Mauro Costa
Luanda
Em menos de uma semana, três descobertas de poços petrolíferos foram feitas em águas profundas angolanas, o que demonstra as potencialidades de Angola em gerar ainda mais ouro negro nos próximos anos. Aliás, nem
mesmo em tempo da crise económica mundial, em que a maioria das companhias suspendeu os seus investimentos, a Sonangol e associados deixaram de anunciar novas descobertas. No ano passado, mais de dez poços terão sido perfurados com sucesso nas águas profundas angolanas pelas diversas companhias que operam
em Angola, desde a Chevron até à Petrobras. Em Fevereiro deste ano, a Petrobras anunciou duas descobertas no bloco 31. Já terça-feira, a Sonangol e a ENI Angola anunciaram duas outras descobertas comerciais de petróleo, no poço de pesquisa “Cinguvu-1”, no bloco 15/06, em águas profundas da bacia do Baixo Congo.
De acordo com o comunicado da concessionária nacional, Sonangol, o poço “Cinguvu-1”, localizado a cerca de 350 quilómetros a Noroeste de Luanda, foi perfurado a uma lâmina de água de 1.400 metros, tendo penetrado os objectivos do Miocêno inferior, onde encontrou uma coluna de areias com boas qualidades de reservatório. O poço “Cinguvu-1” produziu, durante os testes de produção, 6.400 barris de petróleo por dia, com uma densidade de 23º API.

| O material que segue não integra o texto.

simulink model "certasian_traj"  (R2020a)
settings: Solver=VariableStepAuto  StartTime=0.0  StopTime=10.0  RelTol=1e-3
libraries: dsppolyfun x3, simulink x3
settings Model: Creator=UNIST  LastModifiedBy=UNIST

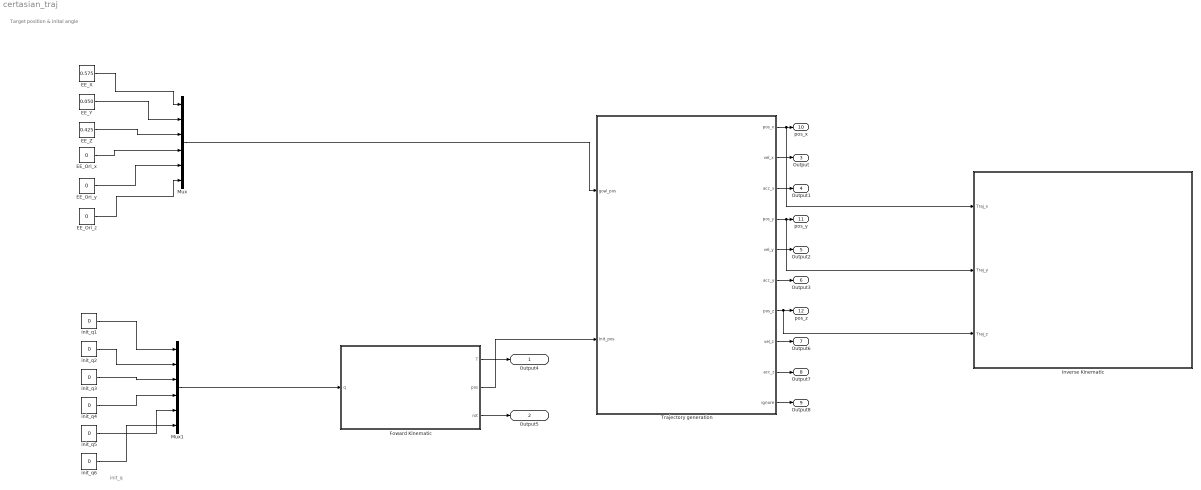
== system certasian_traj ==
  note: Target position & inital angle
  note: init_q
  EE_Ori_x : Constant  Value=0
  EE_Ori_y : Constant  Value=0
  EE_Ori_z : Constant  Value=0
  EE_X : Constant  Value=0.575
  EE_Y : Constant  Value=0.050
  EE_Z : Constant  Value=0.425
  Foward Kinematic : MATLAB Function  TreatAsAtomicUnit=on
  Inverse Kinematic : Subsystem
  Mux : Mux  Inputs=6
  Mux1 : Mux  Inputs=6
  Trajectory generation : Subsystem
  init_q{1..6} (6 alike) : Constant  Value=0
  Output4 : Outport
  Output5 : Outport  Port=2
  Output : Outport  Port=3
  Output1 : Outport  Port=4
  Output2 : Outport  Port=5
  Output3 : Outport  Port=6
  Output6 : Outport  Port=7
  Output7 : Outport  Port=8
  Output8 : Outport  Port=9
  pos_x : Outport  Port=10
  pos_y : Outport  Port=11
  pos_z : Outport  Port=12
  wires:
  EE_Y/1 -> Mux/2
  EE_Ori_x/1 -> Mux/4
  Mux/1 -> Trajectory generation/1(goal_pos)
  init_q6/1 -> Mux1/6
  init_q3/1 -> Mux1/3
  init_q5/1 -> Mux1/5
  EE_Ori_y/1 -> Mux/5
  EE_X/1 -> Mux/1
  init_q1/1 -> Mux1/1
  init_q4/1 -> Mux1/4
  EE_Ori_z/1 -> Mux/6
  init_q2/1 -> Mux1/2
  EE_Z/1 -> Mux/3
  Mux1/1 -> Foward Kinematic/1(q)
  Foward Kinematic/1(T) -> Output4/1
  Foward Kinematic/3(rot) -> Output5/1
  Trajectory generation/2(vel_x) -> Output/1
  Trajectory generation/3(acc_x) -> Output1/1
  Trajectory generation/5(vel_y) -> Output2/1
  Trajectory generation/6(acc_y) -> Output3/1
  Trajectory generation/8(vel_z) -> Output6/1
  Trajectory generation/9(acc_z) -> Output7/1
  Foward Kinematic/2(pos) -> Trajectory generation/2(Init_pos)
  Trajectory generation/10(ignore) -> Output8/1
  Trajectory generation/1(pos_x) -> pos_x/1, Inverse Kinematic/1(Traj_x)
  Trajectory generation/4(pos_y) -> Inverse Kinematic/2(Traj_y), pos_y/1
  Trajectory generation/7(pos_z) -> Inverse Kinematic/3(Traj_z), pos_z/1

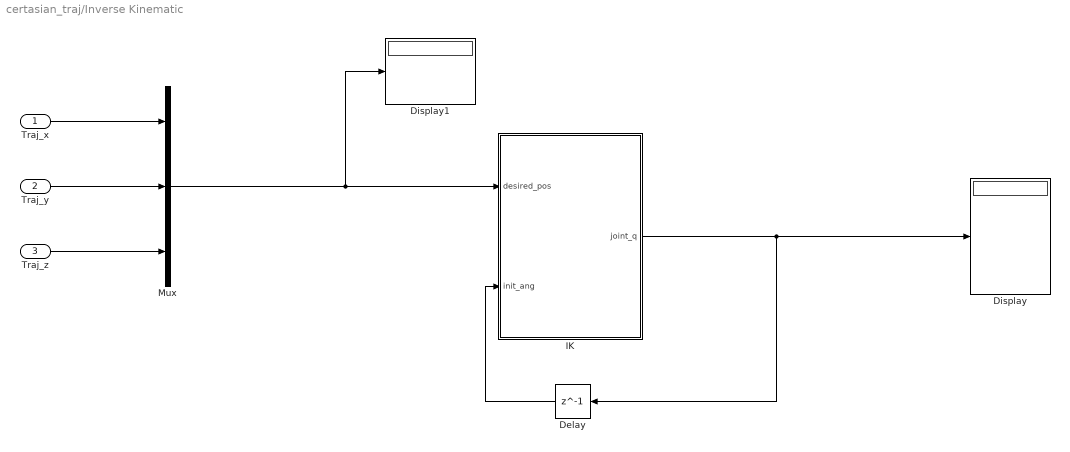
== system certasian_traj/Inverse Kinematic ==
  Traj_x : Inport
  Traj_y : Inport  Port=2
  Traj_z : Inport  Port=3
  Delay : Delay  DelayLength=1
  Display : Display
  Display1 : Display
  IK : MATLAB Function  TreatAsAtomicUnit=on
  Mux : Mux  Inputs=3
  wires:
  Traj_x/1 -> Mux/1
  Traj_y/1 -> Mux/2
  Traj_z/1 -> Mux/3
  Mux/1 -> Display1/1, IK/1(desired_pos)
  IK/1(joint_q) -> Delay/1, Display/1
  Delay/1 -> IK/2(init_ang)

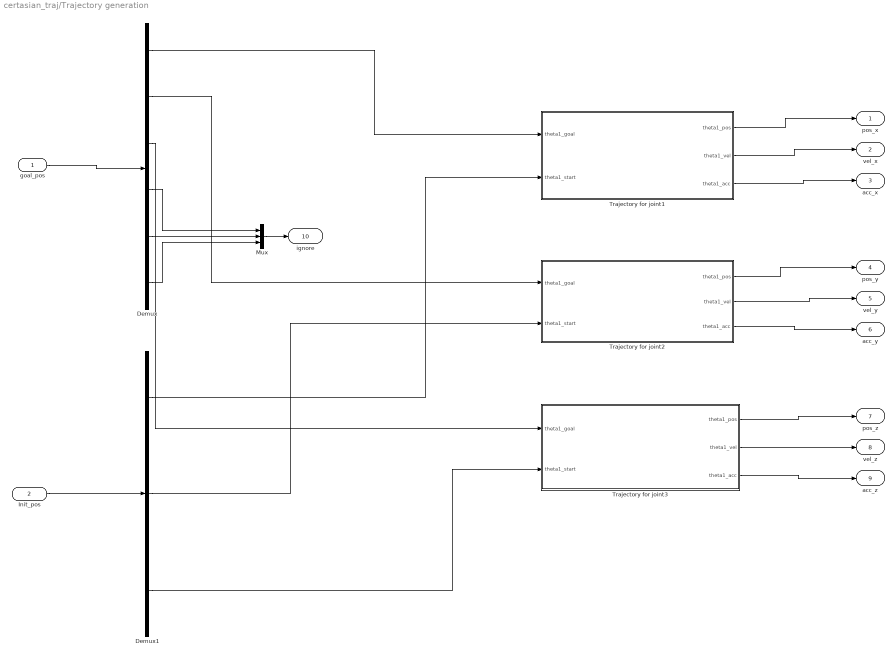
== system certasian_traj/Trajectory generation ==
  goal_pos : Inport
  Init_pos : Inport  Port=2
  Demux : Demux  Outputs=6
  Demux1 : Demux  Outputs=3
  Mux : Mux  Inputs=3
  Trajectory for joint1 : Subsystem
  Trajectory for joint2 : Subsystem
  Trajectory for joint3 : Subsystem
  pos_x : Outport
  vel_x : Outport  Port=2
  acc_x : Outport  Port=3
  pos_y : Outport  Port=4
  vel_y : Outport  Port=5
  acc_y : Outport  Port=6
  pos_z : Outport  Port=7
  vel_z : Outport  Port=8
  acc_z : Outport  Port=9
  ignore : Outport  Port=10
  wires:
  goal_pos/1 -> Demux/1
  Init_pos/1 -> Demux1/1
  Trajectory for joint1/1("theta1_pos ") -> pos_x/1
  Trajectory for joint1/2("theta1_vel ") -> vel_x/1
  Trajectory for joint2/1("theta1_pos ") -> pos_y/1
  Trajectory for joint2/3("theta1_acc ") -> acc_y/1
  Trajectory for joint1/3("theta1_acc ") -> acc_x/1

Além da descoberta no poço “Cinguvu-1”, a Sonangol e a ENI Angola procederam ainda a uma descoberta significativa de petróleo, no poço de pesquisa “Nzanza- 1”, no Bloco 15/06, em offshore da bacia do Baixo Congo. Localizado a 350 quilómetros a Noroeste de Luanda, o poço “Nzanza-1” foi perfurado numa lâmina de água de 1400 metros, tendo penetrado os objectivos do Miocêno inferior, onde encontrou uma coluna de areais com boas características de reservatório, conforme precisou o comunicado. Durante os testes de produção, o poço “Nzanza-1” produziu 1.600 barris de petróleo por dia, com uma densidade de 18º API. “As análises dos resultados apontam para um potencial de cinco mil barris por dia, quando associado à elevação artificial”, diz o comunicado.
No bloco de pesquisa e exploração15/06, a ENI detém 35 por cento de interesse e é operador do bloco. Participam também neste bloco, a Sonangol P&P, com 15 por cento, a SSI Fifteen Limited (20 por cento), a Total E&P (15 por cento), a Falcon Oil Holding Angola (cinco por cento), a Petrobrás Internacional Braspetro BV (cinco por cento) e a Statoil Angola Bloco 15/06 Award AS (cinco por cento).
Na quinta-feira passada, a Sociedade Nacional de Combustíveis de Angola (Sonangol) e a Tepa Ltd., subsidiária do grupo Total, anunciaram a descoberta de um poço de petróleo em águas profundas do mar de Angola. O poço Begónia-01 é o segundo poço de pesquisa sondado com êxito no bloco 17/06, comprovando a existência de hidrocarbonetos nos reservatórios de idade miocênica. Na fase de teste, produziu mais de seis mil barris/dia de ramas de muito boa qualidade, de acordo com o comunicado da Sonangol e Total. Com uma participação de 30 por cento, a Sonangol é a concessionária do bloco e a Total é a operadora com uma participação de 30 por cento. Dispõem ainda de participações neste bloco, a Sonangol Sinopec International
(SSI), Seventeen (27,5%), Acrep Bloco 17 (5%), Falcon Oil Holding Angola (5%) e Partex Oil and Gas. olding) Corporation (2,5 por cento).